--- START ---

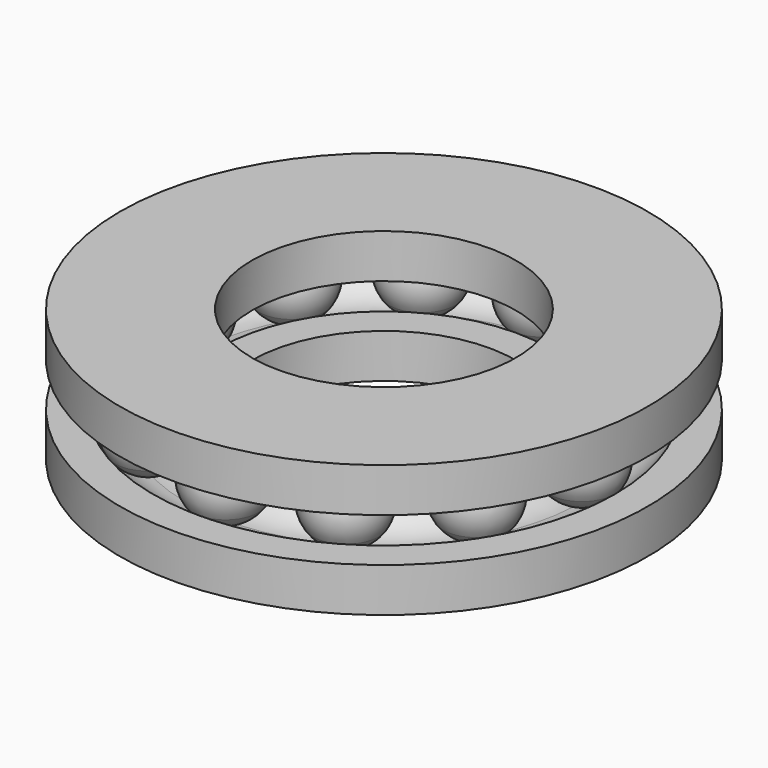
from build123d import *

# Parameters (mm, degrees)
F3_COUNT = 12


with BuildPart() as f1:
    # F0 (on Front) → F1 (revolve)
    with BuildSketch(Plane.XZ):
        with BuildLine():
            ThreePointArc((-17.4974131955, 6.6622055622), (-18, 5), (-17.4974131955, 3.3377944378))
            ThreePointArc((-17.4974131955, 3.3377944378), (-16.4165774447, 2.3555135956), (-15, 2))
            Line((-15, 2), (-15, 8))
            ThreePointArc((-15, 8), (-16.4165774447, 7.6444864044), (-17.4974131955, 6.6622055622))
        make_face()
    revolve(axis=Axis((-15, 0, 5), (0, 0, -1)))


with BuildPart() as f2:
    # F0 (on Front) → F2 (revolve)
    with BuildSketch(Plane.XZ):
        with BuildLine():
            Line((-20, 6.6622055622), (-17.4974131955, 6.6622055622))
            ThreePointArc((-17.4974131955, 6.6622055622), (-16.4165774447, 7.6444864044), (-15, 8))
            ThreePointArc((-15, 8), (-13.5834225553, 7.6444864044), (-12.5025868045, 6.6622055622))
            Line((-12.5025868045, 6.6622055622), (-10, 6.6622055622))
            Line((-10, 6.6622055622), (-10, 10))
            Line((-10, 10), (-20, 10))
            Line((-20, 10), (-20, 6.6622055622))
        make_face()
    revolve(axis=Axis((0, 0, -8.1000216305), (0, 0, -1)))


with BuildPart() as f2b:
    # F0 (on Front) → F2, piece 2 (revolve)
    with BuildSketch(Plane.XZ):
        with BuildLine():
            Line((-20, 0), (-10, 0))
            Line((-10, 0), (-10, 3.3377944378))
            Line((-10, 3.3377944378), (-12.5025868045, 3.3377944378))
            ThreePointArc((-12.5025868045, 3.3377944378), (-13.5834225553, 2.3555135956), (-15, 2))
            ThreePointArc((-15, 2), (-16.4165774447, 2.3555135956), (-17.4974131955, 3.3377944378))
            Line((-17.4974131955, 3.3377944378), (-20, 3.3377944378))
            Line((-20, 3.3377944378), (-20, 0))
        make_face()
    revolve(axis=Axis((0, 0, -8.1000216305), (0, 0, -1)))


with BuildPart() as f3_1:
    # F3: instance of F1
    add(f1.part.rotate(Axis((0, 0, -8.1000216305), (0, 0, -1)), 1 * 360 / F3_COUNT))


with BuildPart() as f3_2:
    # F3: instance of F1
    add(f1.part.rotate(Axis((0, 0, -8.1000216305), (0, 0, -1)), 2 * 360 / F3_COUNT))


with BuildPart() as f3_3:
    # F3: instance of F1
    add(f1.part.rotate(Axis((0, 0, -8.1000216305), (0, 0, -1)), 3 * 360 / F3_COUNT))


with BuildPart() as f3_4:
    # F3: instance of F1
    add(f1.part.rotate(Axis((0, 0, -8.1000216305), (0, 0, -1)), 4 * 360 / F3_COUNT))


with BuildPart() as f3_5:
    # F3: instance of F1
    add(f1.part.rotate(Axis((0, 0, -8.1000216305), (0, 0, -1)), 5 * 360 / F3_COUNT))


with BuildPart() as f3_6:
    # F3: instance of F1
    add(f1.part.rotate(Axis((0, 0, -8.1000216305), (0, 0, -1)), 6 * 360 / F3_COUNT))


with BuildPart() as f3_7:
    # F3: instance of F1
    add(f1.part.rotate(Axis((0, 0, -8.1000216305), (0, 0, -1)), 7 * 360 / F3_COUNT))


with BuildPart() as f3_8:
    # F3: instance of F1
    add(f1.part.rotate(Axis((0, 0, -8.1000216305), (0, 0, -1)), 8 * 360 / F3_COUNT))


with BuildPart() as f3_9:
    # F3: instance of F1
    add(f1.part.rotate(Axis((0, 0, -8.1000216305), (0, 0, -1)), 9 * 360 / F3_COUNT))


with BuildPart() as f3_10:
    # F3: instance of F1
    add(f1.part.rotate(Axis((0, 0, -8.1000216305), (0, 0, -1)), 10 * 360 / F3_COUNT))


with BuildPart() as f3_11:
    # F3: instance of F1
    add(f1.part.rotate(Axis((0, 0, -8.1000216305), (0, 0, -1)), 11 * 360 / F3_COUNT))


solid = Compound([f1.part, f2.part, f2b.part, f3_1.part, f3_2.part, f3_3.part, f3_4.part, f3_5.part, f3_6.part, f3_7.part, f3_8.part, f3_9.part, f3_10.part, f3_11.part])
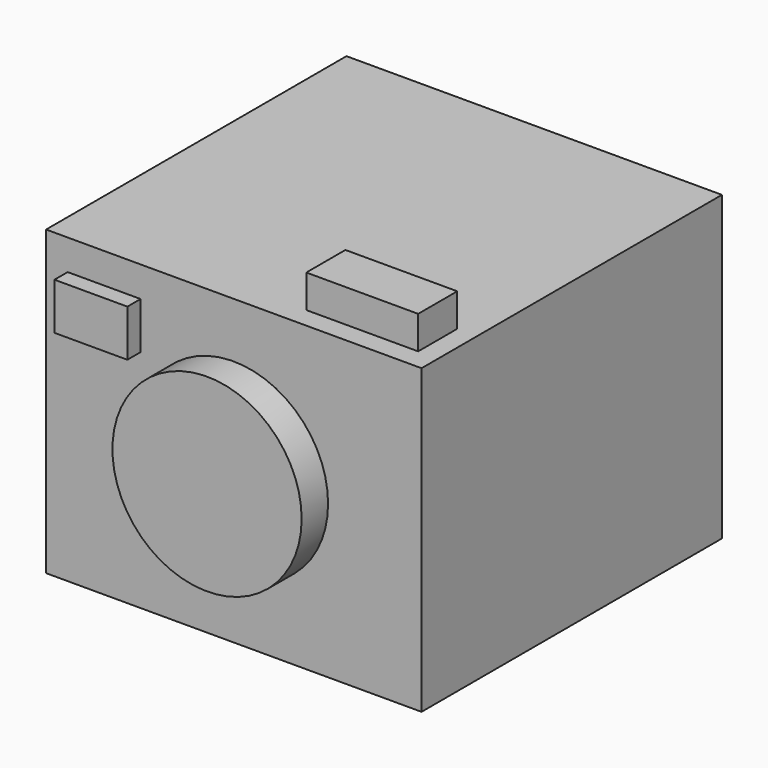
from build123d import *

# Parameters (mm, degrees)
F0_W      = 113.6225089431
F0_H      = 91.5519557893
F1_DEPTH  = 113.62251
F2_R      = 28.629575464
F3_DEPTH  = 10
F4_DEPTH  = 18
F7_W      = 33.8436812162
F7_H      = 14.7902220488
F8_DEPTH  = 10
F9_W      = 22.0619104803
F9_H      = 14.1544528306
F10_DEPTH = 5
F11_W     = 113.6225089431
F11_H     = 91.5519557893
F12_DEPTH = 60


# Not quite as in the source:
# - the program builds the solid bodies; features that only make, move or delete a surface that nothing else refers to are left out


with BuildPart() as f1:
    # F0 (on Front) → F1 (new body)
    with BuildSketch(Plane.XZ):
        with Locations((0.1021772623, -0.4832614213)):
            Rectangle(F0_W, F0_H)
    extrude(amount=F1_DEPTH)

    # F2 (on face) → F3 (join)
    with BuildSketch(Plane.XZ.offset(113.62251)):
        Circle(F2_R)
    extrude(amount=F3_DEPTH)

    # F4 (add): a face of the model
    f4_faces = [f1.faces().sort_by_distance(p)[0] for p in [
        (0, -123.62251, 0),
    ]]
    extrude(f4_faces, amount=-F4_DEPTH)

    # F7 (on face) → F8 (join)
    with BuildSketch(Plane.XY.offset(45.2927164733)):
        with Locations((33.9821465313, -100.0008359551)):
            Rectangle(F7_W, F7_H)
    extrude(amount=F8_DEPTH)

    # F9 (on face) → F10 (join)
    with BuildSketch(Plane.XZ.offset(113.62251)):
        with Locations((-39.1396004707, 29.0038492531)):
            Rectangle(F9_W, F9_H)
    extrude(amount=F10_DEPTH)

    # F11 (on face) → F12 (join)
    with BuildSketch(Plane(origin=(0, 0, 0), x_dir=(-1, 0, 0), z_dir=(0, 1, 0))):
        with Locations((-0.1021772623, -0.4832614213)):
            Rectangle(F11_W, F11_H)
    extrude(amount=-F12_DEPTH)


solid = f1.part

--- END ---

* Your assignment: Whenever a line above has the word "extrude" in it, copy that line.

* Exercise response:
    extrude(amount=F1_DEPTH)
    extrude(amount=F3_DEPTH)
    extrude(f4_faces, amount=-F4_DEPTH)
    extrude(amount=F8_DEPTH)
    extrude(amount=F10_DEPTH)
    extrude(amount=-F12_DEPTH)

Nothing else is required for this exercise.